At the forefront is the Technics JENO Engine. Short for Jitter Elimination and Noise-shaping Optimisation, the brain of the SC-PMX802 counteracts jitter through proprietary technology to re-clock the incoming signal and push jitter into the high-frequency range, where it’s more benign, and upsamples the incoming digital music file to create a smoother presentation with a more gradual, and therefore more natural, high-frequency roll-off. Furthermore, the SC-PMX802 output is fully balanced, which means that electromagnetic interference is passively detected and scrubbed from the signal chain.

The SC-PMX802 can play standard high-res digital files and what many consider the ultimate audiophile digital format, DSD. But additional problems arise at the opposite end of the spectrum when playing a lower quality data stream in a compressed file format such as MP3, from CDs, or over Bluetooth (which itself is usually highly compressed). Compression creates a smaller file by removing sounds buried beneath other, similar sounds and not typically heard by a casual listener.
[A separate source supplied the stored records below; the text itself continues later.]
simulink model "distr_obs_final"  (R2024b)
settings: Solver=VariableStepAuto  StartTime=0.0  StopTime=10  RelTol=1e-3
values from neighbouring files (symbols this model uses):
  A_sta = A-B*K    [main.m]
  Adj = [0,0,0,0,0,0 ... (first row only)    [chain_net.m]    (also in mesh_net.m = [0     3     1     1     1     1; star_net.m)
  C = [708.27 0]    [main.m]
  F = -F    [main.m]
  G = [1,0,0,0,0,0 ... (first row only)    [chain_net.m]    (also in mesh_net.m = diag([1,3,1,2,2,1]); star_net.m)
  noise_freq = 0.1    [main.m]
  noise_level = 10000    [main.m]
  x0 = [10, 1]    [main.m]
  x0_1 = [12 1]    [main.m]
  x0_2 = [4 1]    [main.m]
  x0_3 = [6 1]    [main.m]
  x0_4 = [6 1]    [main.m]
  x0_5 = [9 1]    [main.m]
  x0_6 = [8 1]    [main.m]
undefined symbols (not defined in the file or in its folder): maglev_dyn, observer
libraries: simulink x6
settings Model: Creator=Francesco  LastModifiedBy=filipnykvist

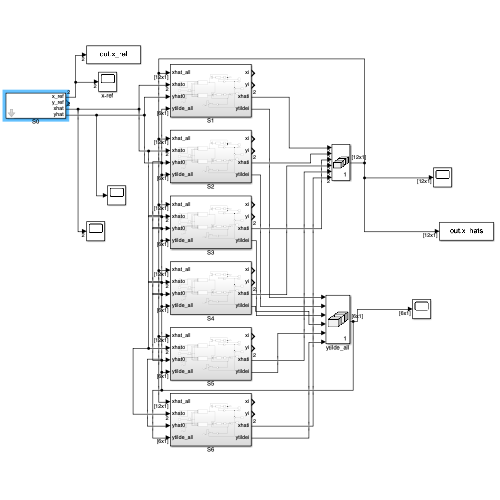
[thumbnail: Simulink's stored preview of the top-level diagram]
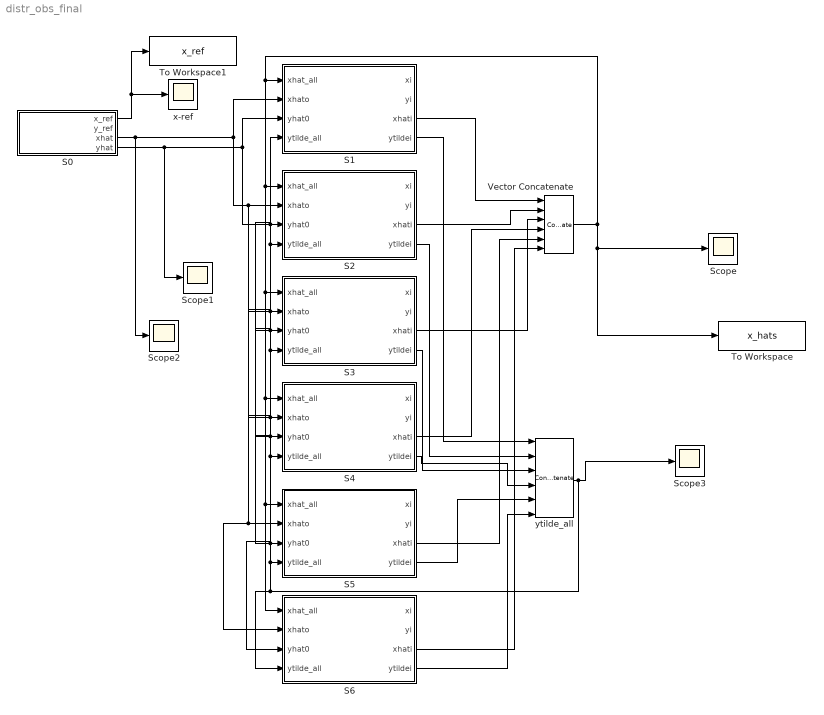
== system distr_obs_final ==
  S0 : Subsystem  mask{node_id=0}
      mask prompts: node_id "Nodo"
  S1 : Subsystem
  S2 : Subsystem
  S3 : Subsystem
  S4 : Subsystem
  S5 : Subsystem
  S6 : Subsystem
  Scope{,1..3} (4 alike) : Scope
  To Workspace : ToWorkspace  VariableName=x_hats  SaveFormat=Timeseries  SampleTime=-1
  To Workspace1 : ToWorkspace  VariableName=x_ref  SaveFormat=Timeseries  SampleTime=-1
  Vector Concatenate : Concatenate  NumInputs=6  Mode=Multidimensional array
  x-ref : Scope
  ytilde_all : Concatenate  NumInputs=6  Mode=Multidimensional array
  wires:
  Vector Concatenate/1 -> To Workspace/1, Scope/1, S6/1(xhat_all), S5/1(xhat_all), S4/1(xhat_all), S3/1(xhat_all), S2/1(xhat_all), S1/1(xhat_all)
  S0/3(xhat) -> Scope2/1, S2/2(xhato), S5/2(xhato), S6/2(xhato), S4/2(xhato), S3/2(xhato), S1/2(xhato)
  ytilde_all/1 -> S1/4(ytilde_all), S2/4(ytilde_all), S3/4(ytilde_all), S4/4(ytilde_all), S5/4(ytilde_all), S6/4(ytilde_all), Scope3/1
  S0/4(yhat) -> Scope1/1, S6/3(yhat0), S5/3(yhat0), S4/3(yhat0), S3/3(yhat0), S2/3(yhat0), S1/3(yhat0)
  S1/3(xhati) -> Vector Concatenate/1
  S2/3(xhati) -> Vector Concatenate/2
  S3/3(xhati) -> Vector Concatenate/3
  S4/3(xhati) -> Vector Concatenate/4
  S5/3(xhati) -> Vector Concatenate/5
  S6/3(xhati) -> Vector Concatenate/6
  S1/4(ytildei) -> ytilde_all/1
  S2/4(ytildei) -> ytilde_all/2
  S3/4(ytildei) -> ytilde_all/3
  S4/4(ytildei) -> ytilde_all/4
  S5/4(ytildei) -> ytilde_all/5
  S6/4(ytildei) -> ytilde_all/6
  S0/1(x_ref) -> x-ref/1, To Workspace1/1

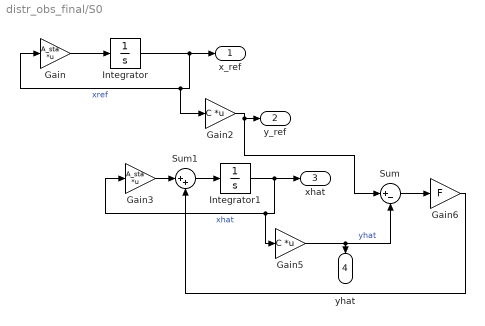
== system distr_obs_final/S0 ==
  Gain : Gain  Gain=A_sta  Multiplication=Matrix(K*u)
  Gain2 : Gain  Gain=C  Multiplication=Matrix(K*u)
  Gain3 : Gain  Gain=A_sta  Multiplication=Matrix(K*u)
  Gain5 : Gain  Gain=C  Multiplication=Matrix(K*u)
  Gain6 : Gain  Gain=F
  Integrator : Integrator  InitialCondition=x0
  Integrator1 : Integrator  InitialCondition=[0,0]'
  Sum : Sum  Inputs=|+-
  Sum1 : Sum  Inputs=|++
  x_ref : Outport
  y_ref : Outport  Port=2
  xhat : Outport  Port=3
  yhat : Outport  Port=4
  wires:
  Gain/1 -> Integrator/1
  Integrator/1 -> Gain/1, Gain2/1, x_ref/1  "xref"
  Gain2/1 -> Sum/1, y_ref/1
  Integrator1/1 -> Gain3/1, Gain5/1, xhat/1  "xhat"
  Gain5/1 -> yhat/1, Sum/2  "yhat"
  Sum/1 -> Gain6/1
  Gain3/1 -> Sum1/1
  Sum1/1 -> Integrator1/1
  Gain6/1 -> Sum1/2

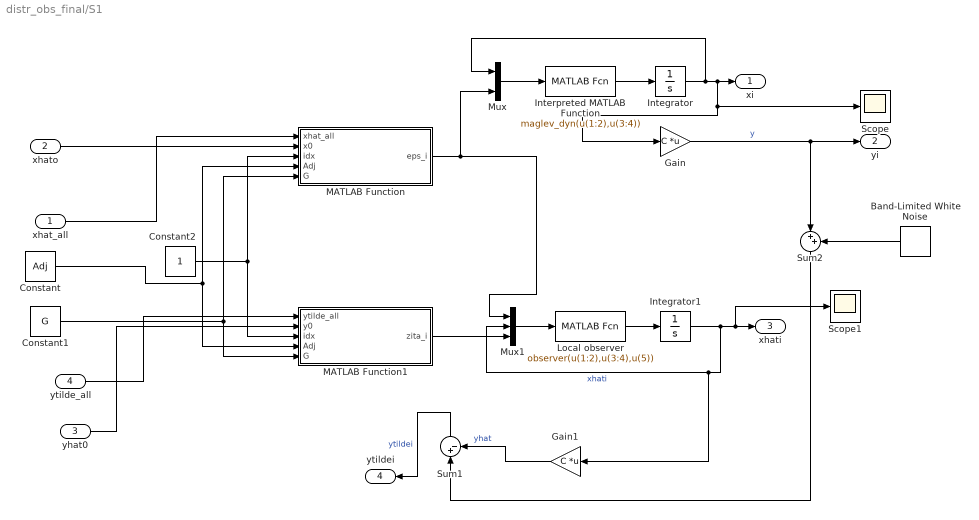
== system distr_obs_final/S1 ==
  xhat_all : Inport
  xhato : Inport  Port=2
  yhat0 : Inport  Port=3
  ytilde_all : Inport  Port=4
  Band-Limited White Noise : simulink/Sources/Band-Limited White Noise  Cov=[noise_level]  Ts=noise_freq  seed=[23341]
  Constant : Constant  Value=Adj
  Constant1 : Constant  Value=G
  Constant2 : Constant
  Gain : Gain  Gain=C  Multiplication=Matrix(K*u)
  Gain1 : Gain  Gain=C  Multiplication=Matrix(K*u)
  Integrator : Integrator  InitialCondition=x0_1
  Integrator1 : Integrator  InitialCondition=[0,0]'
  Interpreted MATLAB Function : MATLABFcn  MATLABFcn=maglev_dyn(u(1:2),u(3:4))
  Local observer : MATLABFcn  MATLABFcn=observer(u(1:2),u(3:4),u(5))  OutputDimensions=2
  MATLAB Function : MATLAB Function  TreatAsAtomicUnit=on
  MATLAB Function1 : MATLAB Function  TreatAsAtomicUnit=on
  Mux : Mux  Inputs=2
  Mux1 : Mux  Inputs=3
  Scope : Scope
  Scope1 : Scope
  Sum1 : Sum  Inputs=|+-
  Sum2 : Sum  Inputs=|++
  xi : Outport
  yi : Outport  Port=2
  xhati : Outport  Port=3
  ytildei : Outport  Port=4
  wires:
  Mux/1 -> Interpreted MATLAB Function/1
  Integrator/1 -> Mux/1, Scope/1, Gain/1, xi/1
  Interpreted MATLAB Function/1 -> Integrator/1
  Gain/1 -> Sum2/1, yi/1  "y"
  Local observer/1 -> Integrator1/1
  Integrator1/1 -> Mux1/2, Gain1/1, Scope1/1, xhati/1  "xhati"
  Gain1/1 -> Sum1/2  "yhat"
  Sum1/1 -> ytildei/1  "ytildei"
  xhat_all/1 -> MATLAB Function/1(xhat_all)
  Constant/1 -> MATLAB Function1/4(Adj), MATLAB Function/4(Adj)
  Constant1/1 -> MATLAB Function1/5(G), MATLAB Function/5(G)
  Constant2/1 -> MATLAB Function1/3(idx), MATLAB Function/3(idx)
  Mux1/1 -> Local observer/1
  MATLAB Function/1(eps_i) -> Mux/2, Mux1/1
  xhato/1 -> MATLAB Function/2(x0)
  Band-Limited White Noise/1 -> Sum2/2
  Sum2/1 -> Sum1/1
  MATLAB Function1/1(zita_i) -> Mux1/3
  ytilde_all/1 -> MATLAB Function1/1(ytilde_all)
  yhat0/1 -> MATLAB Function1/2(y0)

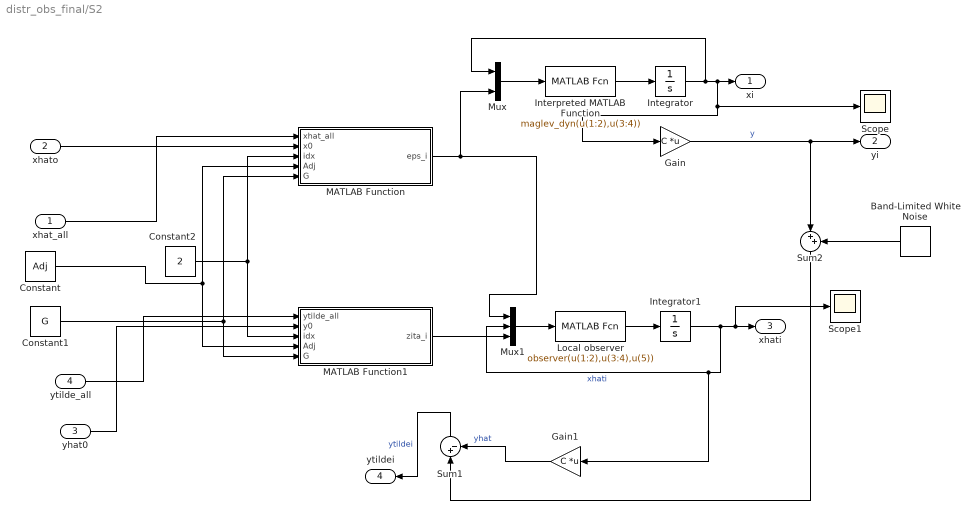
== system distr_obs_final/S2 ==
  xhat_all : Inport
  xhato : Inport  Port=2
  yhat0 : Inport  Port=3
  ytilde_all : Inport  Port=4
  Band-Limited White Noise : simulink/Sources/Band-Limited White Noise  Cov=[noise_level]  Ts=noise_freq  seed=[23341]
  Constant : Constant  Value=Adj
  Constant1 : Constant  Value=G
  Constant2 : Constant  Value=2
  Gain : Gain  Gain=C  Multiplication=Matrix(K*u)
  Gain1 : Gain  Gain=C  Multiplication=Matrix(K*u)
  Integrator : Integrator  InitialCondition=x0_2
  Integrator1 : Integrator  InitialCondition=[0,0]'
  Interpreted MATLAB Function : MATLABFcn  MATLABFcn=maglev_dyn(u(1:2),u(3:4))
  Local observer : MATLABFcn  MATLABFcn=observer(u(1:2),u(3:4),u(5))  OutputDimensions=2
  MATLAB Function : MATLAB Function  TreatAsAtomicUnit=on
  MATLAB Function1 : MATLAB Function  TreatAsAtomicUnit=on
  Mux : Mux  Inputs=2
  Mux1 : Mux  Inputs=3
  Scope : Scope
  Scope1 : Scope
  Sum1 : Sum  Inputs=|+-
  Sum2 : Sum  Inputs=|++
  xi : Outport
  yi : Outport  Port=2
  xhati : Outport  Port=3
  ytildei : Outport  Port=4
  wires:
  Mux/1 -> Interpreted MATLAB Function/1
  Integrator/1 -> Mux/1, Scope/1, Gain/1, xi/1
  Interpreted MATLAB Function/1 -> Integrator/1
  Gain/1 -> Sum2/1, yi/1  "y"
  Local observer/1 -> Integrator1/1
  Integrator1/1 -> Mux1/2, Gain1/1, Scope1/1, xhati/1  "xhati"
  Gain1/1 -> Sum1/2  "yhat"
  Sum1/1 -> ytildei/1  "ytildei"
  xhat_all/1 -> MATLAB Function/1(xhat_all)
  Constant/1 -> MATLAB Function1/4(Adj), MATLAB Function/4(Adj)
  Constant1/1 -> MATLAB Function1/5(G), MATLAB Function/5(G)
  Constant2/1 -> MATLAB Function1/3(idx), MATLAB Function/3(idx)
  Mux1/1 -> Local observer/1
  MATLAB Function/1(eps_i) -> Mux/2, Mux1/1
  xhato/1 -> MATLAB Function/2(x0)
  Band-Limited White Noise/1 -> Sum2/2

However, an attentive ear and high-quality stereo gear can quickly reduce sound quality than a lossless CD or high-res version of the same track. The compressed track will sound harsher, grainier, and less open since much of the data that gets scrubbed are upper harmonics of musical instruments and spatial, ambient cues such as the subtle echo of the recording space. The echoing shimmer of a cymbal crash often demonstrates this aptly.

But the SC-PMX802 has a solution for this as well, via its Re-Master technology. This analyses a musical track in real-time, looking for telltale high-frequency distortion and replacing it with equivalent but less distorted harmonic components. If you can’t always listen to lossless audio, this is the tool a true Hi-Fi stereo can’t be without.

Music is fundamental to the human experience because it is fundamentally a live art form. TV and film connect us to realities known and unknown. Few would argue against the notion that experiencing art live, in real-time as it’s being born, is the seminal way to enjoy art. For that reason, the ability to replay a live experience through a high fidelity system, and become fully immersed in the sonic world that the music or film inhabits, is a wonderful modern luxury.

Playback may sound simple, and the flood of inexpensive stereos on the market demonstrates how often it’s taken for granted. But reproducing sound well is fiendishly complex. That Hi-Fi luxury of true-to-life sound is now available to everybody, thanks to the technology-packed Panasonic’s SC-PMX802. This audiophile-grade mini Hi-Fi sound system can fit anywhere in your home. May it take your listening to new heights.